> PROBLEM TO SOLVE
Reproduce nothing but the lines from the start of the material through the line that includes "data: coin input; soda output", both ends included, and omit every picture.

TASK MATERIAL Block Start

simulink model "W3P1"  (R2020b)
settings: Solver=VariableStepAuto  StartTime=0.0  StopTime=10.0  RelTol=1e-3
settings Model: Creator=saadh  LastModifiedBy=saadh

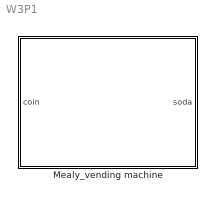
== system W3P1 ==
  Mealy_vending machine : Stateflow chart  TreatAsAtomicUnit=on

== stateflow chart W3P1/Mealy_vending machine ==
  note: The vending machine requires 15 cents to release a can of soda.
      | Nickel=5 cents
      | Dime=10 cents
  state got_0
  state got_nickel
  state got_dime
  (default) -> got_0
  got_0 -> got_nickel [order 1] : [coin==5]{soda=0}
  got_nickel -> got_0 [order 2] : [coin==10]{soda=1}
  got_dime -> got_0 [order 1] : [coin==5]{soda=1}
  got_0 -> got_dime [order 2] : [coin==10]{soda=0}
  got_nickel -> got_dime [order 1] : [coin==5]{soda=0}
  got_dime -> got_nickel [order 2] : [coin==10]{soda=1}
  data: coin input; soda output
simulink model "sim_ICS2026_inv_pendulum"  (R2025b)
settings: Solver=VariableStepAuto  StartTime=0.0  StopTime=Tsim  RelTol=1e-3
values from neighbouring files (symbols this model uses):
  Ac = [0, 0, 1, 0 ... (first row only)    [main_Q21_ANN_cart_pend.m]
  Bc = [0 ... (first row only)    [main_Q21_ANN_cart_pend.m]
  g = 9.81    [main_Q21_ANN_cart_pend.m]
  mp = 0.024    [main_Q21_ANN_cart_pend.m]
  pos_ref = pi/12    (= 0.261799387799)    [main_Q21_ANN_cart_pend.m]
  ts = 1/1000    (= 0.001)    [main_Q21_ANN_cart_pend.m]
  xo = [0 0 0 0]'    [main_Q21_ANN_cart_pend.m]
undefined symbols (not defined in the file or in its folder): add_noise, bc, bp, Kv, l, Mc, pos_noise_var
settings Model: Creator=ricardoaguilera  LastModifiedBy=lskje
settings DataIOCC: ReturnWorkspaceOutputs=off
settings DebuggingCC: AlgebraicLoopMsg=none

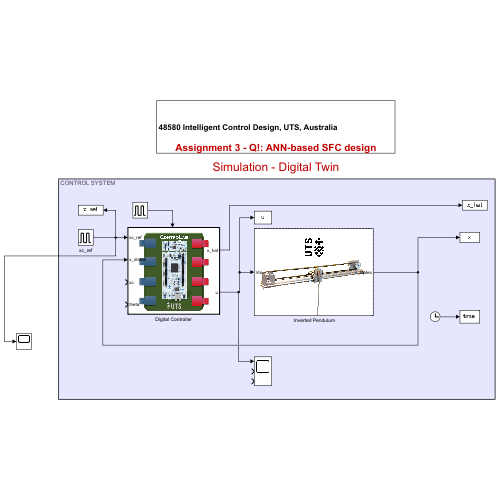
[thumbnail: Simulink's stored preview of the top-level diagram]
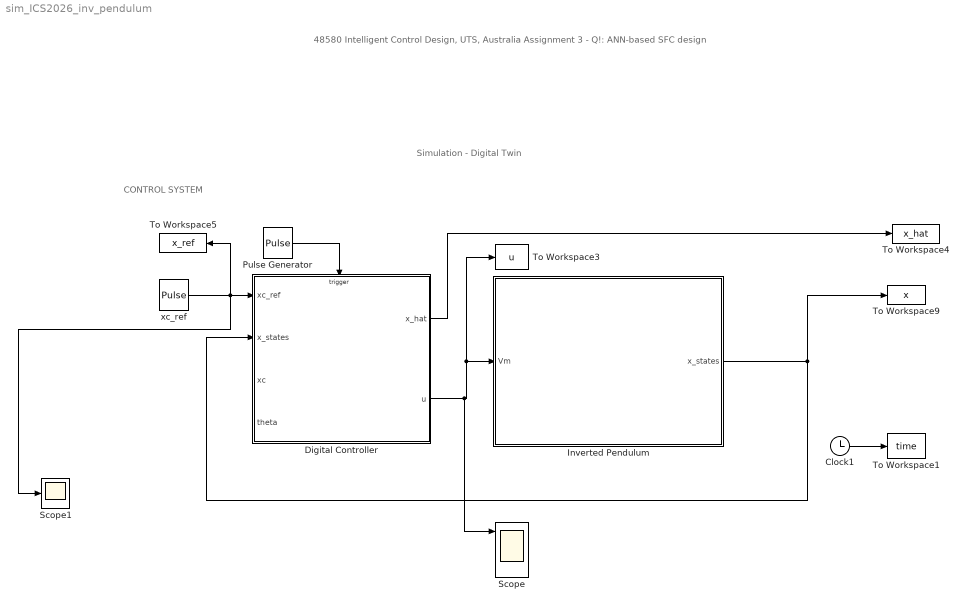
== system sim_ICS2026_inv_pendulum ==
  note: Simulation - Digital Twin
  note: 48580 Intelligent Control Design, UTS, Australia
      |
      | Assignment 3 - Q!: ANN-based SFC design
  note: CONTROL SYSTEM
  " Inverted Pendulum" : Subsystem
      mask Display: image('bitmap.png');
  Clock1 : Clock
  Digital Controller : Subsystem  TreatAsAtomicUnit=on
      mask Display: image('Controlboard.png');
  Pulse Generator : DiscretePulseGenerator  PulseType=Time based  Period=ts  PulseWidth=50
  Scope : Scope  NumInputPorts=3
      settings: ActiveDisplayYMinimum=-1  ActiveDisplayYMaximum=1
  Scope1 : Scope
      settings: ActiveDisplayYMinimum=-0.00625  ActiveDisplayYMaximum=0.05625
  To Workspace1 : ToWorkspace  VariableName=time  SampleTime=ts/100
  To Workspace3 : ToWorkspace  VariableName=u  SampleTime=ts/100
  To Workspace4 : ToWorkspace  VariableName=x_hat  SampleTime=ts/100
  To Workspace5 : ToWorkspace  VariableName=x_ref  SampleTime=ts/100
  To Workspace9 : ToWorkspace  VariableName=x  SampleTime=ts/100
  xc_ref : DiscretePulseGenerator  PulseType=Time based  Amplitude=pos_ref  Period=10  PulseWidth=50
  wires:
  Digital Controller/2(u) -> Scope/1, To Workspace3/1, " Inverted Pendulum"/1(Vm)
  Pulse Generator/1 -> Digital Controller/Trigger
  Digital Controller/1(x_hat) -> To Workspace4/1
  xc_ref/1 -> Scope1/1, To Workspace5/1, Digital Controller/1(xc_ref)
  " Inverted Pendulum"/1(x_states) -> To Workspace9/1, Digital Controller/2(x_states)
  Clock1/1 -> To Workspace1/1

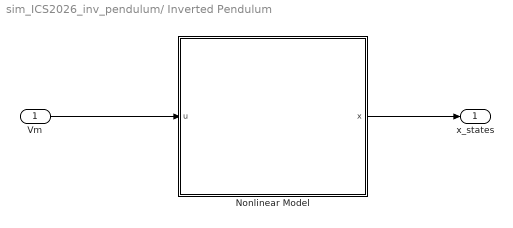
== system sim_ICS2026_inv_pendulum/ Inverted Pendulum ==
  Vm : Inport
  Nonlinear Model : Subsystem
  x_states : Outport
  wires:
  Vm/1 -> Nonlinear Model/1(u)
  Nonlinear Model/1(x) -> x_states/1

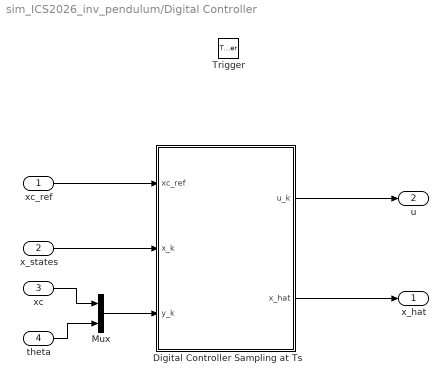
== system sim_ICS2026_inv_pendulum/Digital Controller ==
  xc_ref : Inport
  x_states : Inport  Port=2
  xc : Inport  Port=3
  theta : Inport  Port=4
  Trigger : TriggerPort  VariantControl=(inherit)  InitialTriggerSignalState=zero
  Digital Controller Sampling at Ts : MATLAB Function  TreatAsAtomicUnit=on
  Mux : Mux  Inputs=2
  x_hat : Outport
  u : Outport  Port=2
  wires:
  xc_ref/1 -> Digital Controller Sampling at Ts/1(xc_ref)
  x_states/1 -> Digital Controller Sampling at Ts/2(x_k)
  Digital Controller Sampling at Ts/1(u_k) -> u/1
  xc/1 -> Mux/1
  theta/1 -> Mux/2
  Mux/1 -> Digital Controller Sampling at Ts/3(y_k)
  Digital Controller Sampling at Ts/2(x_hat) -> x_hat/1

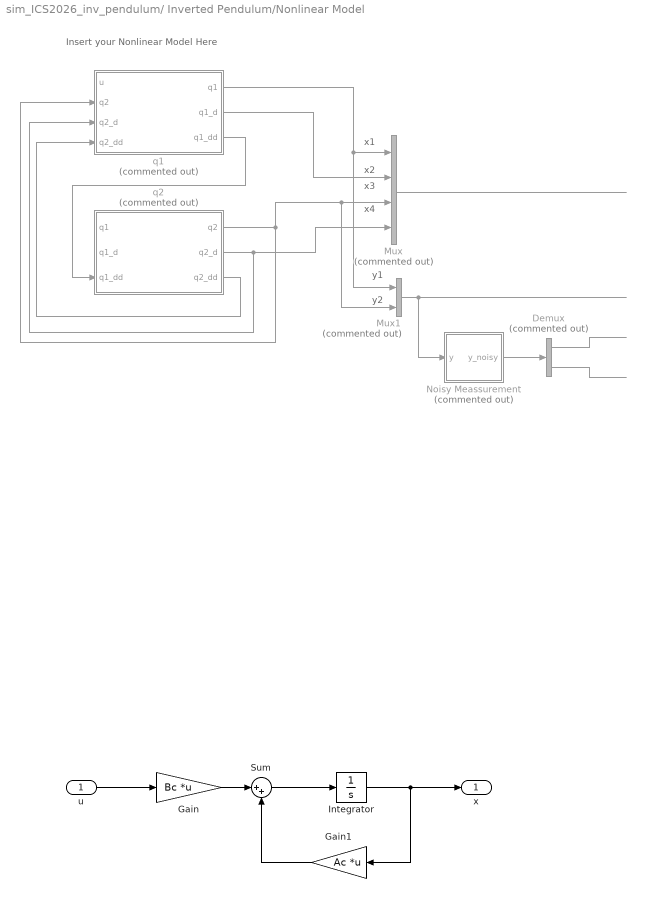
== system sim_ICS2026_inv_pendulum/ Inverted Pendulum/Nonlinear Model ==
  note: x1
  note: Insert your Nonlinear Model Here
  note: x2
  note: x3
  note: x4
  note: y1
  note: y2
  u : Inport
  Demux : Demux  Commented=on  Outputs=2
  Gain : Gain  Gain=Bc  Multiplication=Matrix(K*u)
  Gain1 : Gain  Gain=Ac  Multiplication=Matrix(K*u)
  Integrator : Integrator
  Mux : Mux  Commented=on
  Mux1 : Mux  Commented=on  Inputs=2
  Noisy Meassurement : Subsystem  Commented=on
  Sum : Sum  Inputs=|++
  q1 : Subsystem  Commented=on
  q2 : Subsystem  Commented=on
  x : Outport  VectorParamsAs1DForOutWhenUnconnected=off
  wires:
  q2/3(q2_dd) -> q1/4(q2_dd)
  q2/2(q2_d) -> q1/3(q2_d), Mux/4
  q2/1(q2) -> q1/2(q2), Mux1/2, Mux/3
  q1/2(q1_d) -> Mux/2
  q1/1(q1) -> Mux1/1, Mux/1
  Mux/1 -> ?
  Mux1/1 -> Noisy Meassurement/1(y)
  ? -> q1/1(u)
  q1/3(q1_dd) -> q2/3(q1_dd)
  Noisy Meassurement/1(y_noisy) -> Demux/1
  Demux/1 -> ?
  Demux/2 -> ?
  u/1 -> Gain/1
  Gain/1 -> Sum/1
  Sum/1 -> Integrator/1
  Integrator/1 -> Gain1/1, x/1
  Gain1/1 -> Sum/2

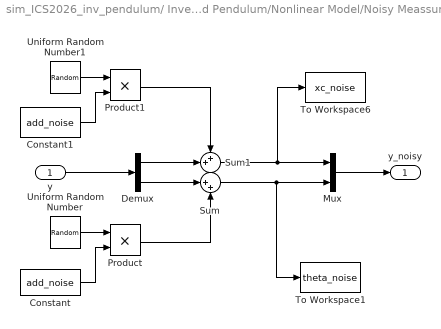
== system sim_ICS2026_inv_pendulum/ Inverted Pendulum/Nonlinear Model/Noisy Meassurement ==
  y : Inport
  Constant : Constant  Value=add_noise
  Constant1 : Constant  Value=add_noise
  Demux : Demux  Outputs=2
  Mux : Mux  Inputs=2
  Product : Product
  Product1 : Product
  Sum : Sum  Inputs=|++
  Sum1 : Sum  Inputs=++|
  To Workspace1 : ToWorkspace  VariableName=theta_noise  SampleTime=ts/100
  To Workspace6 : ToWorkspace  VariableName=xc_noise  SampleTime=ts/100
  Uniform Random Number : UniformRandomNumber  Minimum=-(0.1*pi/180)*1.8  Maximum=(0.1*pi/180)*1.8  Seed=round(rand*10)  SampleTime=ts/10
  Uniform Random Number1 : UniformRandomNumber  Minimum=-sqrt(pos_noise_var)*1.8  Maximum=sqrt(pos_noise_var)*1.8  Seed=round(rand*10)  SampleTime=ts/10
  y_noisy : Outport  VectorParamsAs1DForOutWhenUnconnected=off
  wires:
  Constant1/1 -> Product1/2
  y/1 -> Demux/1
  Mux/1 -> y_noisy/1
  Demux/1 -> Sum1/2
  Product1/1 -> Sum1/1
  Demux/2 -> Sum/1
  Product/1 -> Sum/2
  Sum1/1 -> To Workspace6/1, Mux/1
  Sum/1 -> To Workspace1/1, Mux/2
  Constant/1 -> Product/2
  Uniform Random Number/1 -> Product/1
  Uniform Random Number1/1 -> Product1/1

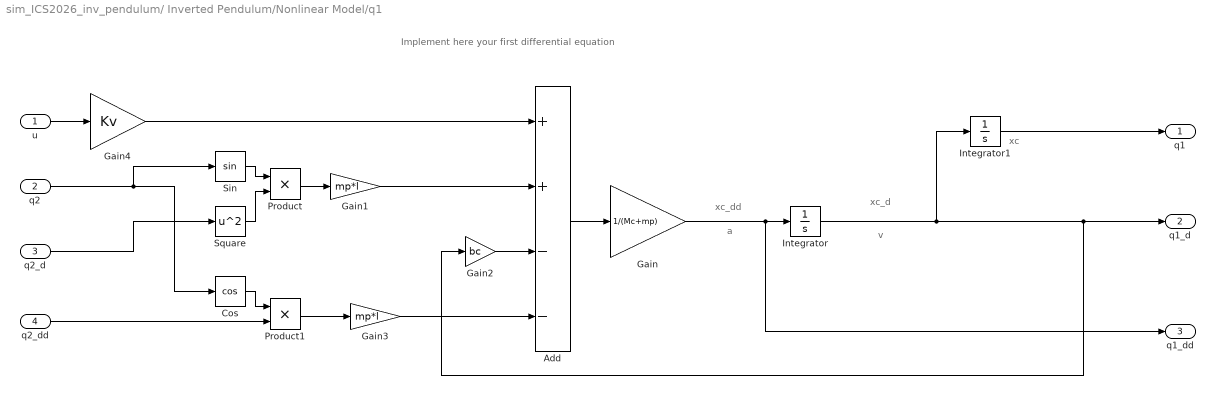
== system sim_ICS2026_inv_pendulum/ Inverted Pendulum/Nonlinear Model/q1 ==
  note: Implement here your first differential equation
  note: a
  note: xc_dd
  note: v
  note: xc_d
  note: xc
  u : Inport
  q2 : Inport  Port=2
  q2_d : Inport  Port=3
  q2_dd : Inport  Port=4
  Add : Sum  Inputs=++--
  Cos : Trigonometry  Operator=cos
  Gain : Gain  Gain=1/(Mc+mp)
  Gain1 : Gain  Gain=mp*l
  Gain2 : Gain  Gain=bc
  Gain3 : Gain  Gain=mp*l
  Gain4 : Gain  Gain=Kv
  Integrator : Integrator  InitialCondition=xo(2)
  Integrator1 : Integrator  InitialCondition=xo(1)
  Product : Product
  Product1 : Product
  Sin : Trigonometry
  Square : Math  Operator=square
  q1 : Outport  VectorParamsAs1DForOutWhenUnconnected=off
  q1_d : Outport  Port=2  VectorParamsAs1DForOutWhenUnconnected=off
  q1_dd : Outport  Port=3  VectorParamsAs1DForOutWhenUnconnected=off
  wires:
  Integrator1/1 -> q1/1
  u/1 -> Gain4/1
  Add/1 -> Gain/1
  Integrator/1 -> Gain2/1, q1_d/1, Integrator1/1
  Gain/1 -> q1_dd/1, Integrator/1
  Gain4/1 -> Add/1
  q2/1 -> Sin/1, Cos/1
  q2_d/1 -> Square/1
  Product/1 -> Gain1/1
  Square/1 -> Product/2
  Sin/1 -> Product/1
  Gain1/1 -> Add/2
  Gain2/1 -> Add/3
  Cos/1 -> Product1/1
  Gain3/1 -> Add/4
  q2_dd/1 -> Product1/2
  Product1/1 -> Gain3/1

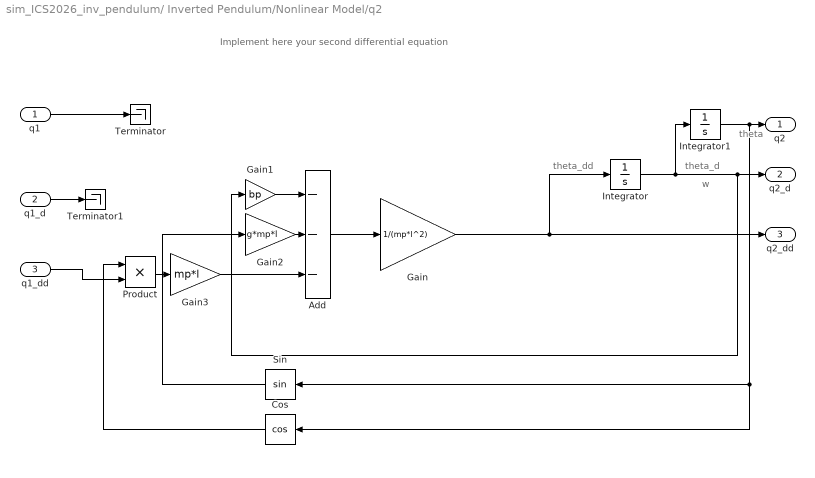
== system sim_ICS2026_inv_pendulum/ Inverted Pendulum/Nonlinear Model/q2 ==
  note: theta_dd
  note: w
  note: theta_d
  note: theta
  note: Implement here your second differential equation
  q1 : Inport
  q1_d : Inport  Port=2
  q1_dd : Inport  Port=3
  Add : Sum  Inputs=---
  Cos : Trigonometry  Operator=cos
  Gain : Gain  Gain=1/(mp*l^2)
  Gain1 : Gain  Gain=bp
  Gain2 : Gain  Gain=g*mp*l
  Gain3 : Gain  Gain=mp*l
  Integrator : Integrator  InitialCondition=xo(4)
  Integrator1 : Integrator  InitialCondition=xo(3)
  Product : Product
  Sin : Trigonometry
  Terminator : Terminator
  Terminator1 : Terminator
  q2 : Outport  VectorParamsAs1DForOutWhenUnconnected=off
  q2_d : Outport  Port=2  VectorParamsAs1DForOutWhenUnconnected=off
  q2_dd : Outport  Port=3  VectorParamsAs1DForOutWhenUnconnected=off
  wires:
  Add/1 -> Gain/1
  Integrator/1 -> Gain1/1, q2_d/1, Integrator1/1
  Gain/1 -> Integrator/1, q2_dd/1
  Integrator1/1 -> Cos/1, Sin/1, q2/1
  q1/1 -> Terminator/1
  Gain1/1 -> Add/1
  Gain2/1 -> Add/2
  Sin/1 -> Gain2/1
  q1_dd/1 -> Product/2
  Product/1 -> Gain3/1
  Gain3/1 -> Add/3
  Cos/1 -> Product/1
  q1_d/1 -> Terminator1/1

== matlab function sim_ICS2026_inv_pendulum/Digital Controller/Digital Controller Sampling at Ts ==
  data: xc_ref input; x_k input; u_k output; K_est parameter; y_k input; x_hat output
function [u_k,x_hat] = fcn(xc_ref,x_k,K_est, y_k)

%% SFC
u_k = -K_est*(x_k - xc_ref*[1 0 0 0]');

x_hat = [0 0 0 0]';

TASK MATERIAL Block End

> TASK OUTPUT
simulink model "W3P1"  (R2020b)
settings: Solver=VariableStepAuto  StartTime=0.0  StopTime=10.0  RelTol=1e-3
settings Model: Creator=saadh  LastModifiedBy=saadh

== system W3P1 ==
  Mealy_vending machine : Stateflow chart  TreatAsAtomicUnit=on

== stateflow chart W3P1/Mealy_vending machine ==
  note: The vending machine requires 15 cents to release a can of soda.
      | Nickel=5 cents
      | Dime=10 cents
  state got_0
  state got_nickel
  state got_dime
  (default) -> got_0
  got_0 -> got_nickel [order 1] : [coin==5]{soda=0}
  got_nickel -> got_0 [order 2] : [coin==10]{soda=1}
  got_dime -> got_0 [order 1] : [coin==5]{soda=1}
  got_0 -> got_dime [order 2] : [coin==10]{soda=0}
  got_nickel -> got_dime [order 1] : [coin==5]{soda=0}
  got_dime -> got_nickel [order 2] : [coin==10]{soda=1}
  data: coin input; soda output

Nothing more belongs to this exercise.